Problem statement:
Repeat only the stretch of lines below that runs from the line with "Dist_Thresh23 : Constant" through the line with "make_color_range/1(a_range) -> Blob_Analysis1/6(a_range)", unaltered.

Data listing:
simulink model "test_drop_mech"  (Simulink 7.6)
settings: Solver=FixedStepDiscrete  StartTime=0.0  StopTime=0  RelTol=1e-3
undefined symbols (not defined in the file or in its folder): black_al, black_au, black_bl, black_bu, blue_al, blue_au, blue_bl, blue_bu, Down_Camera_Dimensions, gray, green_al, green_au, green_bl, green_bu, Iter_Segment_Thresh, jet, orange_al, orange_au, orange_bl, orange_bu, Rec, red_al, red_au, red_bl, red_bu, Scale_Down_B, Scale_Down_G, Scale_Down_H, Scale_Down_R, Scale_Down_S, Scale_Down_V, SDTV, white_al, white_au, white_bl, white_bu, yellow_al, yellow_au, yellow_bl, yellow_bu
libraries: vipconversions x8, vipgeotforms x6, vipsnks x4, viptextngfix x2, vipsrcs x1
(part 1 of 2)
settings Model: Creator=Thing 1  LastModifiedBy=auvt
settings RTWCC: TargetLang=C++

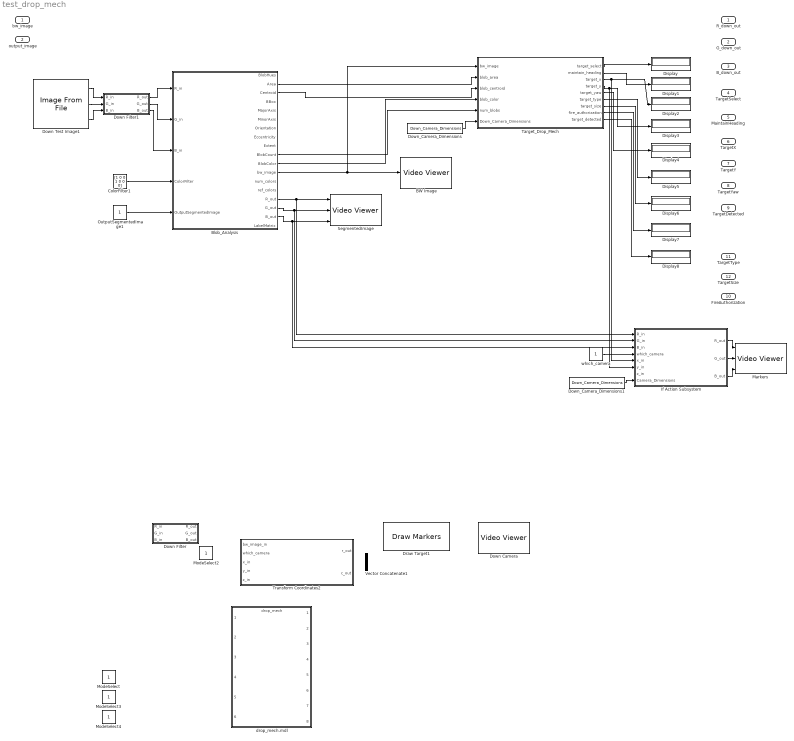
== system test_drop_mech ==
  bw_image : Inport
  output_image : Inport  Port=2
  BW Image : vipsnks/Video Viewer  DialogControllerArgs=DataTag1  inputType=Obsolete7b  imagePorts=One multidimensional signal  useColorMap=off  colormapValue=gray(256)  specRange=off  minInputVal=0  maxInputVal=255  FigPos=[5 861 410 300]  AxisZoom=on  trueSizedOnce=off  OpenAtMdlStart=on
  Blob_Analysis : Subsystem
  ColorFilter1 : Constant  Value=[1 0 0 1 0 0 0]  SampleTime=-1
  Display{,1..8} (9 alike) : Display
  Down Camera : vipsnks/Video Viewer  DialogControllerArgs=DataTag9  inputType=Obsolete7b  imagePorts=Separate color signals  useColorMap=off  colormapValue=jet(256)  specRange=off  minInputVal=0  maxInputVal=255  FigPos=[970 679 274 199]  AxisZoom=on  trueSizedOnce=off  OpenAtMdlStart=on
  Down Filter : Subsystem
  Down Filter1 : Subsystem
  Down Test Image1 : vipsrcs/Image From File  Tag=vipblks_nd  DialogController=vipDDGCreate  DialogControllerArgs=DataTag10  SystemSampleTime=-1  FileName=/home/auvt/auvc/src/vision/Test_Images/drop1.png  imagePorts=Separate color signals  Ts=-1  ImageDataType=double  Signed=on  WordLength=16  sdImageDataType=uint(8)  FractionLengthMode=User-defined  FractionLength=15  OutPortLabels=R|G|B
  Down_Camera_Dimensions : Constant  Value=Down_Camera_Dimensions  SampleTime=-1
  Down_Camera_Dimensions1 : Constant  Value=Down_Camera_Dimensions  SampleTime=-1
  Draw Target1 : viptextngfix/Draw Markers  DialogController=vipDDGCreate  DialogControllerArgs=DataTag11  shape=X-mark  size=7  fill=off  fillClrSource=Specify via dialog  display=User-specified value  intensity=200  color=[0 0 0]  opacity=0.6  viewport=Entire image  antialiasing=off  inType=Obsolete  imagePorts=Separate color signals  prodOutputMode=Binary point scaling  prodOutputWordLength=32  prodOutputFracLength=14  memoryMode=Specify word length  memoryWordLength=16  memoryFracLength=15  roundingMode=Floor  overflowMode=off
  If Action Subsystem : Subsystem  TreatAsAtomicUnit=on
  Markers : vipsnks/Video Viewer  DialogControllerArgs=DataTag14  inputType=Obsolete7b  imagePorts=Separate color signals  useColorMap=off  colormapValue=gray(256)  specRange=off  minInputVal=0  maxInputVal=255  FigPos=[421 436 410 300]  AxisZoom=on  trueSizedOnce=off  OpenAtMdlStart=on
  ModeSelect{,2..4} (4 alike) : Constant  SampleTime=-1
  OutputSegmentedImage1 : Constant  SampleTime=-1
  SegmentedImage : vipsnks/Video Viewer  DialogControllerArgs=DataTag16  inputType=Obsolete7b  imagePorts=Separate color signals  useColorMap=off  colormapValue=gray(256)  specRange=off  minInputVal=0  maxInputVal=255  FigPos=[5 436 410 300]  AxisZoom=on  trueSizedOnce=off  OpenAtMdlStart=on
  Target_Drop_Mech : Stateflow chart  TreatAsAtomicUnit=on  SystemSampleTime=[1/30 0]
  Transform Coordinates2 : Stateflow chart  TreatAsAtomicUnit=on  SystemSampleTime=[1/30 0]
  Vector Concatenate1 : Concatenate  Mode=Multidimensional array
  drop_mech.mdl : ModelReference  ModelNameDialog=drop_mech  SimulationMode=Accelerator  ModelReferenceVersion=1.17  CopyOfModelName=drop_mech
  which_camera : Constant  SampleTime=-1
  R_down_out : Outport  OutDataTypeStr=double
  G_down_out : Outport  Port=2  OutDataTypeStr=double
  B_down_out : Outport  Port=3  OutDataTypeStr=double
  TargetSelect : Outport  Port=4  OutDataTypeStr=double
  MaintainHeading : Outport  Port=5  OutDataTypeStr=double
  TargetX : Outport  Port=6  OutDataTypeStr=double
  TargetY : Outport  Port=7  OutDataTypeStr=double
  TargetYaw : Outport  Port=8  OutDataTypeStr=double
  TargetDetected : Outport  Port=9  OutDataTypeStr=double
  FireAuthorization : Outport  Port=10  OutDataTypeStr=double
  TargetType : Outport  Port=11  OutDataTypeStr=double
  TargetSize : Outport  Port=12  OutDataTypeStr=double
  wires:
  OutputSegmentedImage1/1 -> Blob_Analysis/5(OutputSegmentedImage)
  ColorFilter1/1 -> Blob_Analysis/4(ColorFilter)
  Down Test Image1/1 -> Down Filter1/1(R_in)
  Down Test Image1/2 -> Down Filter1/2(G_in)
  Down Test Image1/3 -> Down Filter1/3(B_in)
  Down Filter1/1(R_out) -> Blob_Analysis/1(R_in)
  Down Filter1/2(G_out) -> Blob_Analysis/2(G_in)
  Down Filter1/3(B_out) -> Blob_Analysis/3(B_in)
  Blob_Analysis/15(R_out) -> If Action Subsystem/1(R_in), SegmentedImage/1
  Blob_Analysis/16(G_out) -> If Action Subsystem/2(G_in), SegmentedImage/2
  Blob_Analysis/17(B_out) -> If Action Subsystem/3(B_in), SegmentedImage/3
  Blob_Analysis/3(Centroid) -> Target_Drop_Mech/3(blob_centroid)
  Blob_Analysis/12(bw_image) -> BW Image/1, Target_Drop_Mech/1(bw_image)
  Blob_Analysis/2(Area) -> Target_Drop_Mech/2(blob_area)
  Blob_Analysis/11(BlobColor) -> Target_Drop_Mech/4(blob_color)
  Blob_Analysis/10(BlobCount) -> Target_Drop_Mech/5(num_blobs)
  Down_Camera_Dimensions/1 -> Target_Drop_Mech/6(Down_Camera_Dimensions)
  Target_Drop_Mech/1(target_select) -> Display/1
  Target_Drop_Mech/2(maintain_heading) -> Display1/1
  Target_Drop_Mech/3(target_x) -> Display2/1, If Action Subsystem/5(x_in)
  Target_Drop_Mech/4(target_y) -> Display3/1, If Action Subsystem/6(y_in)
  Target_Drop_Mech/5(target_yaw) -> Display4/1
  Target_Drop_Mech/6(target_type) -> Display5/1
  Target_Drop_Mech/7(target_size) -> Display6/1
  which_camera/1 -> If Action Subsystem/4(which_camera)
  If Action Subsystem/1(R_out) -> Markers/1
  If Action Subsystem/2(G_out) -> Markers/2
  If Action Subsystem/3(B_out) -> Markers/3
  Down_Camera_Dimensions1/1 -> If Action Subsystem/8(Camera_Dimensions)
  Target_Drop_Mech/8(fire_authorization) -> Display7/1
  Target_Drop_Mech/9(target_detected) -> Display8/1

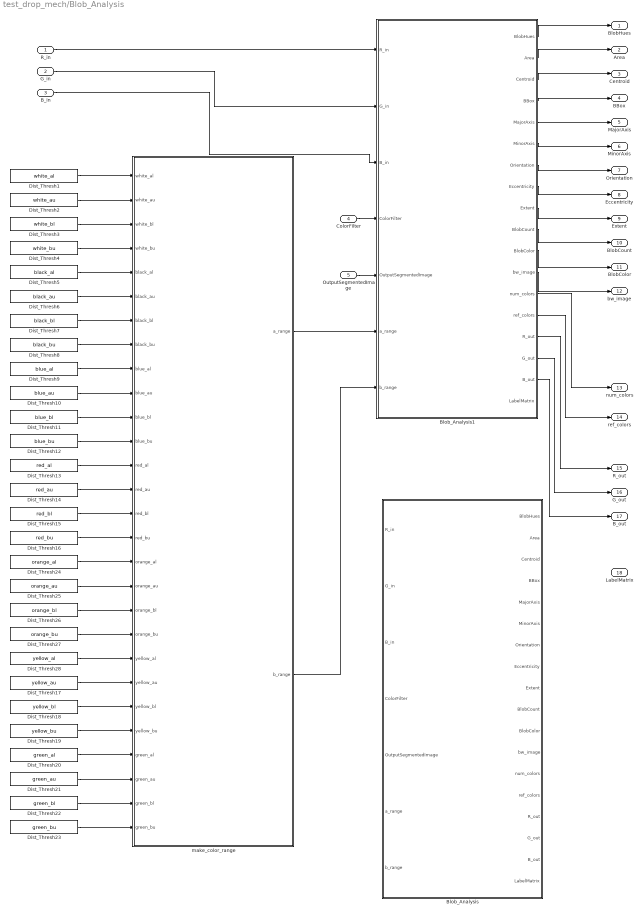
== system test_drop_mech/Blob_Analysis ==
  R_in : Inport
  G_in : Inport  Port=2
  B_in : Inport  Port=3
  ColorFilter : Inport  Port=4
  OutputSegmentedImage : Inport  Port=5
  Blob_Analysis : Subsystem  TreatAsAtomicUnit=on
  Blob_Analysis1 : Subsystem  TreatAsAtomicUnit=on
  Dist_Thresh1 : Constant  Value=white_al  SampleTime=-1
  Dist_Thresh10 : Constant  Value=blue_au  SampleTime=-1
  Dist_Thresh11 : Constant  Value=blue_bl  SampleTime=-1
  Dist_Thresh12 : Constant  Value=blue_bu  SampleTime=-1
  Dist_Thresh13 : Constant  Value=red_al  SampleTime=-1
  Dist_Thresh14 : Constant  Value=red_au  SampleTime=-1
  Dist_Thresh15 : Constant  Value=red_bl  SampleTime=-1
  Dist_Thresh16 : Constant  Value=red_bu  SampleTime=-1
  Dist_Thresh17 : Constant  Value=yellow_au  SampleTime=-1
  Dist_Thresh18 : Constant  Value=yellow_bl  SampleTime=-1
  Dist_Thresh19 : Constant  Value=yellow_bu  SampleTime=-1
  Dist_Thresh2 : Constant  Value=white_au  SampleTime=-1
  Dist_Thresh20 : Constant  Value=green_al  SampleTime=-1
  Dist_Thresh21 : Constant  Value=green_au  SampleTime=-1
  Dist_Thresh22 : Constant  Value=green_bl  SampleTime=-1
  Dist_Thresh23 : Constant  Value=green_bu  SampleTime=-1
  Dist_Thresh24 : Constant  Value=orange_al  SampleTime=-1
  Dist_Thresh25 : Constant  Value=orange_au  SampleTime=-1
  Dist_Thresh26 : Constant  Value=orange_bl  SampleTime=-1
  Dist_Thresh27 : Constant  Value=orange_bu  SampleTime=-1
  Dist_Thresh28 : Constant  Value=yellow_al  SampleTime=-1
  Dist_Thresh3 : Constant  Value=white_bl  SampleTime=-1
  Dist_Thresh4 : Constant  Value=white_bu  SampleTime=-1
  Dist_Thresh5 : Constant  Value=black_al  SampleTime=-1
  Dist_Thresh6 : Constant  Value=black_au  SampleTime=-1
  Dist_Thresh7 : Constant  Value=black_bl  SampleTime=-1
  Dist_Thresh8 : Constant  Value=black_bu  SampleTime=-1
  Dist_Thresh9 : Constant  Value=blue_al  SampleTime=-1
  make_color_range : Stateflow chart  TreatAsAtomicUnit=on
  BlobHues : Outport
  Area : Outport  Port=2
  Centroid : Outport  Port=3
  BBox : Outport  Port=4
  MajorAxis : Outport  Port=5
  MinorAxis : Outport  Port=6
  Orientation : Outport  Port=7
  Eccentricity : Outport  Port=8
  Extent : Outport  Port=9
  BlobCount : Outport  Port=10
  BlobColor : Outport  Port=11
  bw_image : Outport  Port=12
  num_colors : Outport  Port=13
  ref_colors : Outport  Port=14
  R_out : Outport  Port=15
  G_out : Outport  Port=16
  B_out : Outport  Port=17
  LabelMatrix : Outport  Port=18
  wires:
  ColorFilter/1 -> Blob_Analysis1/4(ColorFilter)
  OutputSegmentedImage/1 -> Blob_Analysis1/5(OutputSegmentedImage)
  make_color_range/2(b_range) -> Blob_Analysis1/7(b_range)
  make_color_range/1(a_range) -> Blob_Analysis1/6(a_range)
  B_in/1 -> Blob_Analysis1/3(B_in)
  G_in/1 -> Blob_Analysis1/2(G_in)
  R_in/1 -> Blob_Analysis1/1(R_in)
  Dist_Thresh7/1 -> make_color_range/7(black_bl)
  Dist_Thresh6/1 -> make_color_range/6(black_au)
  Dist_Thresh5/1 -> make_color_range/5(black_al)
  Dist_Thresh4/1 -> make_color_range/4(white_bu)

Output for this task:
  Dist_Thresh23 : Constant  Value=green_bu  SampleTime=-1
  Dist_Thresh24 : Constant  Value=orange_al  SampleTime=-1
  Dist_Thresh25 : Constant  Value=orange_au  SampleTime=-1
  Dist_Thresh26 : Constant  Value=orange_bl  SampleTime=-1
  Dist_Thresh27 : Constant  Value=orange_bu  SampleTime=-1
  Dist_Thresh28 : Constant  Value=yellow_al  SampleTime=-1
  Dist_Thresh3 : Constant  Value=white_bl  SampleTime=-1
  Dist_Thresh4 : Constant  Value=white_bu  SampleTime=-1
  Dist_Thresh5 : Constant  Value=black_al  SampleTime=-1
  Dist_Thresh6 : Constant  Value=black_au  SampleTime=-1
  Dist_Thresh7 : Constant  Value=black_bl  SampleTime=-1
  Dist_Thresh8 : Constant  Value=black_bu  SampleTime=-1
  Dist_Thresh9 : Constant  Value=blue_al  SampleTime=-1
  make_color_range : Stateflow chart  TreatAsAtomicUnit=on
  BlobHues : Outport
  Area : Outport  Port=2
  Centroid : Outport  Port=3
  BBox : Outport  Port=4
  MajorAxis : Outport  Port=5
  MinorAxis : Outport  Port=6
  Orientation : Outport  Port=7
  Eccentricity : Outport  Port=8
  Extent : Outport  Port=9
  BlobCount : Outport  Port=10
  BlobColor : Outport  Port=11
  bw_image : Outport  Port=12
  num_colors : Outport  Port=13
  ref_colors : Outport  Port=14
  R_out : Outport  Port=15
  G_out : Outport  Port=16
  B_out : Outport  Port=17
  LabelMatrix : Outport  Port=18
  wires:
  ColorFilter/1 -> Blob_Analysis1/4(ColorFilter)
  OutputSegmentedImage/1 -> Blob_Analysis1/5(OutputSegmentedImage)
  make_color_range/2(b_range) -> Blob_Analysis1/7(b_range)
  make_color_range/1(a_range) -> Blob_Analysis1/6(a_range)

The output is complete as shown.